Well, after seeing a discussion of this subject in ShockDoc's fixing stupid thread, I thought we could consolidate it into one thread. I am going to try adding a poll to this thread, but it has been a really long time since I have done it, so hopefully I am smart enough to figure it out :whistling2:.

So, what's your preference? Siemens? Square D QO? Murray? CH CH? CH BR? Copper Buss only? Mix? 

I'll start off with myself. The company has been selling predominantly QO since it was introduced since my Grandfather tested a bunch and it was the breaker that tripped the closest to a fuse, and it has just been habit. In a couple flips and home inspection occasions, we have installed Homeline panels, just to make it "value engineered". I didn't mind it, but the aluminum buss just kinda irks me a little bit. I have no problem with aluminium feeders/service conductors but I have swapped out quite a few 80's vintage ITE panels with burned up buss, and that makes me nervous. If I saw paperwork that showed the aluminium variety was changed since then, it would probably make me feel more comfortable with it. 

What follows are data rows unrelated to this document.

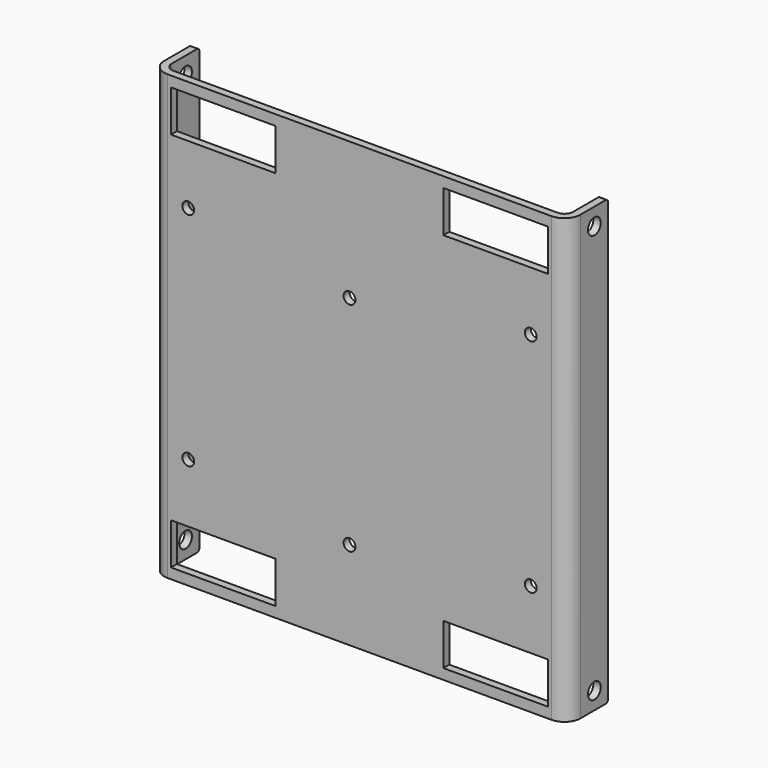
from build123d import *

# Parameters (mm, degrees)
F1_DEPTH  = 101.6
F2_R      = 3.69316
F3_R      = 1.98374
F4_W      = 24
F4_H      = 9.5329248
F4_R      = 1.35255
F5_DEPTH  = 1.70942
F6_R      = 1.8288
F7_DEPTH  = 95.37192
F8_R      = 0.762
F9_R      = 1.35255
F10_DEPTH = 1.70942


with BuildPart() as f1:
    # F0 (on Top) → F1 (new body)
    with BuildSketch(Plane.XY):
        Polygon((0, 9.92124), (0, 0), (-91.95308, 0), (-91.95308, 9.92124), (-93.6625, 9.92124), (-93.6625, -1.70942), (1.70942, -1.70942), (1.70942, 9.92124), align=None)
    extrude(amount=F1_DEPTH)

    # F2
    f2_edges = [f1.edges().sort_by_distance(p)[0] for p in [
        (1.70942, -1.70942, 50.8),
        (-93.6625, -1.70942, 50.8),
    ]]
    fillet(f2_edges, radius=F2_R)

    # F3
    f3_edges = [f1.edges().sort_by_distance(p)[0] for p in [
        (0, 0, 50.8),
        (-91.95308, 0, 50.8),
    ]]
    fillet(f3_edges, radius=F3_R)

    # F4 (on face) → F5 (cut, through all)
    with BuildSketch(Plane(origin=(0, 0, 0), x_dir=(-1, 0, 0), z_dir=(0, 1, 0))):
        with Locations((77.17559, 94.4522876)):
            Rectangle(F4_W, F4_H)
        with Locations((77.17559, 7.1477124)):
            Rectangle(F4_W, F4_H)
        with Locations((14.77749, 7.1477124)):
            Rectangle(F4_W, F4_H)
        with Locations((14.77749, 94.4522876)):
            Rectangle(F4_W, F4_H)
        with Locations((85.20684, 76.1477196107)):
            Circle(F4_R)
        with Locations((85.20684, 25.4522803893)):
            Circle(F4_R)
        with Locations((6.74624, 25.4522803893)):
            Circle(F4_R)
        with Locations((6.74624, 76.1477196107)):
            Circle(F4_R)
    extrude(amount=-F5_DEPTH, mode=Mode.SUBTRACT)

    # F6 (on face) → F7 (cut, through all)
    with BuildSketch(Plane.YZ.offset(1.70942)):
        with Locations((5.95249, 97.63125)):
            Circle(F6_R)
        with Locations((5.95249, 3.96875)):
            Circle(F6_R)
    extrude(amount=-F7_DEPTH, mode=Mode.SUBTRACT)

    # F8
    f8_edges = [f1.edges().sort_by_distance(p)[0] for p in [
        (-92.80779, 9.92124, 101.6),
        (-92.80779, 9.92124, 0),
        (0.85471, 9.92124, 0),
        (0.85471, 9.92124, 101.6),
    ]]
    fillet(f8_edges, radius=F8_R)

    # F9 (on face) → F10 (cut, through all)
    with BuildSketch(Plane(origin=(0, 0, 0), x_dir=(-1, 0, 0), z_dir=(0, 1, 0))):
        with Locations((48.26635, 70.0399442418)):
            Circle(F9_R)
        with Locations((48.26635, 20.2559442418)):
            Circle(F9_R)
    extrude(amount=-F10_DEPTH, mode=Mode.SUBTRACT)


solid = f1.part
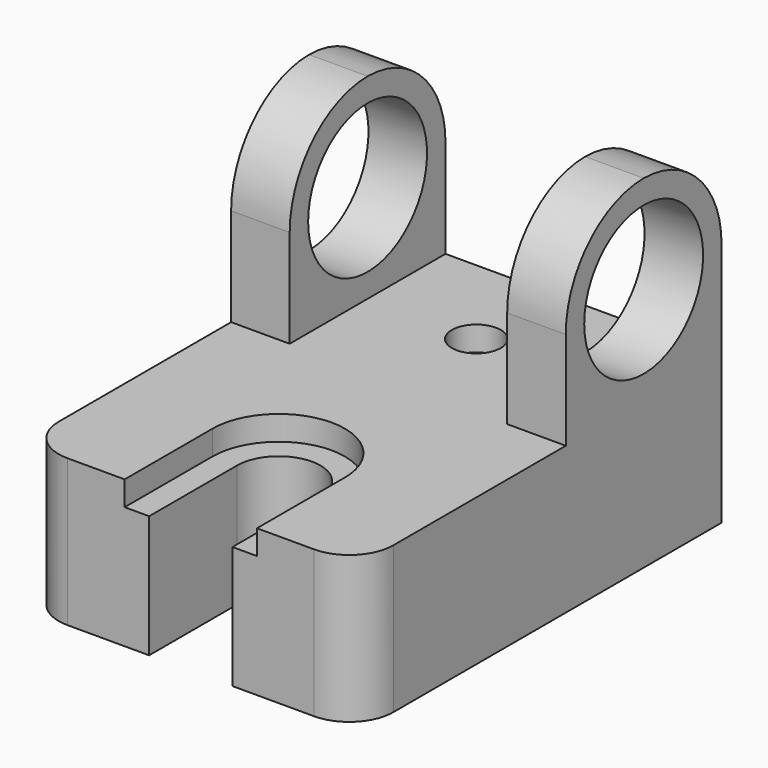
from build123d import *

# Parameters (mm, degrees)
F1_DEPTH        = 25
F2_DEPTH        = 30
F3_W            = 11.9576826692
F3_H            = 39.7608936764
F4_DEPTH        = 40
F5_R            = 15.1725757167
F6_DEPTH        = 68.3238299022
F7_T1_DEPTH     = 111.9576826692
F7_T3_DEPTH     = 111.9576826692
F8_R            = 9
F10_D           = 8
F10_DEPTH       = 10
F10_CBORE_D     = 10
F10_CBORE_DEPTH = 5
F10_TIP         = 2.4034424761


# Not quite as in the source:
# - a fillet or chamfer that OpenCascade refuses, or shapes differently, is made with other operations: its cross-section is extruded or revolved along the edge and cut away or added


with BuildPart() as f1:
    # F0 (on Top) → F1 (new body)
    with BuildSketch(Plane.XY):
        with BuildLine():
            Line((8.5056748986, -46.3761053979), (13.5056748986, -46.3761053979))
            Line((13.5056748986, -46.3761053979), (13.5056748986, -23.932851851))
            ThreePointArc((13.5056748986, -23.932851851), (0, -10.4271769524), (-13.5056748986, -23.932851851))
            Line((-13.5056748986, -23.932851851), (-13.5056748986, -46.3761053979))
            Line((-13.5056748986, -46.3761053979), (-8.5056748986, -46.3761053979))
            Line((-8.5056748986, -46.3761053979), (-8.5056748986, -23.932851851))
            ThreePointArc((-8.5056748986, -23.932851851), (0, -15.4271769524), (8.5056748986, -23.932851851))
            Line((8.5056748986, -23.932851851), (8.5056748986, -46.3761053979))
        make_face()
    extrude(amount=F1_DEPTH)

    # F0 (on Top) → F2 (join)
    with BuildSketch(Plane.XY):
        with BuildLine():
            Line((34.1614149511, -46.3761053979), (34.1614149511, 46.3761053979))
            Line((34.1614149511, 46.3761053979), (-34.1614149511, 46.3761053979))
            Line((-34.1614149511, 46.3761053979), (-34.1614149511, -46.3761053979))
            Line((-34.1614149511, -46.3761053979), (-13.5056748986, -46.3761053979))
            Line((-13.5056748986, -46.3761053979), (-13.5056748986, -23.932851851))
            ThreePointArc((-13.5056748986, -23.932851851), (0, -10.4271769524), (13.5056748986, -23.932851851))
            Line((13.5056748986, -23.932851851), (13.5056748986, -46.3761053979))
            Line((13.5056748986, -46.3761053979), (34.1614149511, -46.3761053979))
        make_face()
    extrude(amount=F2_DEPTH)

    # F3 (on face) → F4 (join)
    with BuildSketch(Plane.XY.offset(30)):
        with Locations((28.1825736165, 26.4956585597)):
            Rectangle(F3_W, F3_H)
        with Locations((-28.1825736165, 26.4956585597)):
            Rectangle(F3_W, F3_H)
    extrude(amount=F4_DEPTH)

    # F5 (on face) → F6 (cut, through all)
    with BuildSketch(Plane(origin=(-34.1614149511, 0, 0), x_dir=(0, -1, 0), z_dir=(-1, 0, 0))):
        with Locations((-26.4956585597, 50)):
            Circle(F5_R)
    extrude(amount=-F6_DEPTH, mode=Mode.SUBTRACT)

    # F7: fillet of radius 20 on 4 edges, made by hand

    # F7_s2 → F7_t1 (cut)
    with BuildSketch(Plane.YZ.offset(-84.1614149511)):
        with BuildLine():
            ThreePointArc((6.6152117215, 50), (12.4730760978, 64.1421356237), (26.6152117215, 70))
            Line((26.6152117215, 70), (6.6152117215, 70))
            Line((6.6152117215, 70), (6.6152117215, 50))
        make_face()
        with BuildLine():
            ThreePointArc((46.3761053979, 50), (40.5182410217, 64.1421356237), (26.3761053979, 70))
            Line((26.3761053979, 70), (46.3761053979, 70))
            Line((46.3761053979, 70), (46.3761053979, 50))
        make_face()
    extrude(amount=F7_T1_DEPTH, mode=Mode.SUBTRACT)

    # F7_s4 → F7_t3 (cut)
    with BuildSketch(Plane.YZ.offset(-27.7962677181)):
        with BuildLine():
            ThreePointArc((6.6152117215, 50), (12.4730760978, 64.1421356237), (26.6152117215, 70))
            Line((26.6152117215, 70), (6.6152117215, 70))
            Line((6.6152117215, 70), (6.6152117215, 50))
        make_face()
        with BuildLine():
            ThreePointArc((46.3761053979, 50), (40.5182410217, 64.1421356237), (26.3761053979, 70))
            Line((26.3761053979, 70), (46.3761053979, 70))
            Line((46.3761053979, 70), (46.3761053979, 50))
        make_face()
    extrude(amount=F7_T3_DEPTH, mode=Mode.SUBTRACT)

    # F8
    f8_edges = [f1.edges().sort_by_distance(p)[0] for p in [
        (34.161415, -46.376105, 15),
        (-34.161415, -46.376105, 15),
    ]]
    fillet(f8_edges, radius=F8_R)

    # F10
    with Locations(Plane.XY.offset(30)):
        with Locations((0, 26.4956585597)):
            CounterBoreHole(F10_D / 2, F10_CBORE_D / 2, F10_CBORE_DEPTH, depth=F10_DEPTH)
            with Locations((0, 0, -(F10_DEPTH + F10_TIP / 2))):  # 118° drill point
                Cone(0, F10_D / 2, F10_TIP, mode=Mode.SUBTRACT)


solid = f1.part

Also wanted to add that I just about swore off QO in residential because of how much suck the AFCIs are, but I have hope with the new plug on CAFI breakers :thumbup:. Really excited to try those out! 

I don't think I have ever installed a brand new Siemens loadcenter. I have put in a decent amount of Siemens Panelboards, but I have only put in 1 used Siemens loadcenter, and that was in our shop since it was laying around. :laughing:


----------



## xaH (Jun 21, 2013)

No options for Wadsworth, Colt, Zinsco, FPE, Trumbull, General Switch, Frank Adams, or Pushmatic? :blink:


----------



## wendon (Sep 27, 2010)

xaH said:


> No options for Wadsworth, Colt, Zinsco, FPE, Trumbull, General Switch, Frank Adams, or Pushmatic? :blink:


Or Federal Pacific!!! Of all the nerve!!!


----------



## HawkShock (Nov 27, 2012)

wendon said:


> Or Federal Pacific!!! Of all the nerve!!!


Square D Trilliant? Perfect for the modern home, 100% recycled.


----------



## Going_Commando (Oct 1, 2011)

xaH said:


> No options for Wadsworth, Colt, Zinsco, FPE, Trumbull, General Switch, Frank Adams, or Pushmatic? :blink:


Quiet you, don't make me get the hose.


----------



## HARRY304E (Sep 15, 2010)

Going_Commando said:


> Well, after seeing a discussion of this subject in ShockDoc's fixing stupid thread, I thought we could consolidate it into one thread. I am going to try adding a poll to this thread, but it has been a really long time since I have done it, so hopefully I am smart enough to figure it out :whistling2:.
> 
> So, what's your preference? Siemens? Square D QO? Murray? CH CH? CH BR? Copper Buss only? Mix?
> 
> ...


Siemens and Murray Are my favorites.


----------



## xaH (Jun 21, 2013)

HawkShock said:


> Square D Trilliant? Perfect for the modern home, 100% recycled.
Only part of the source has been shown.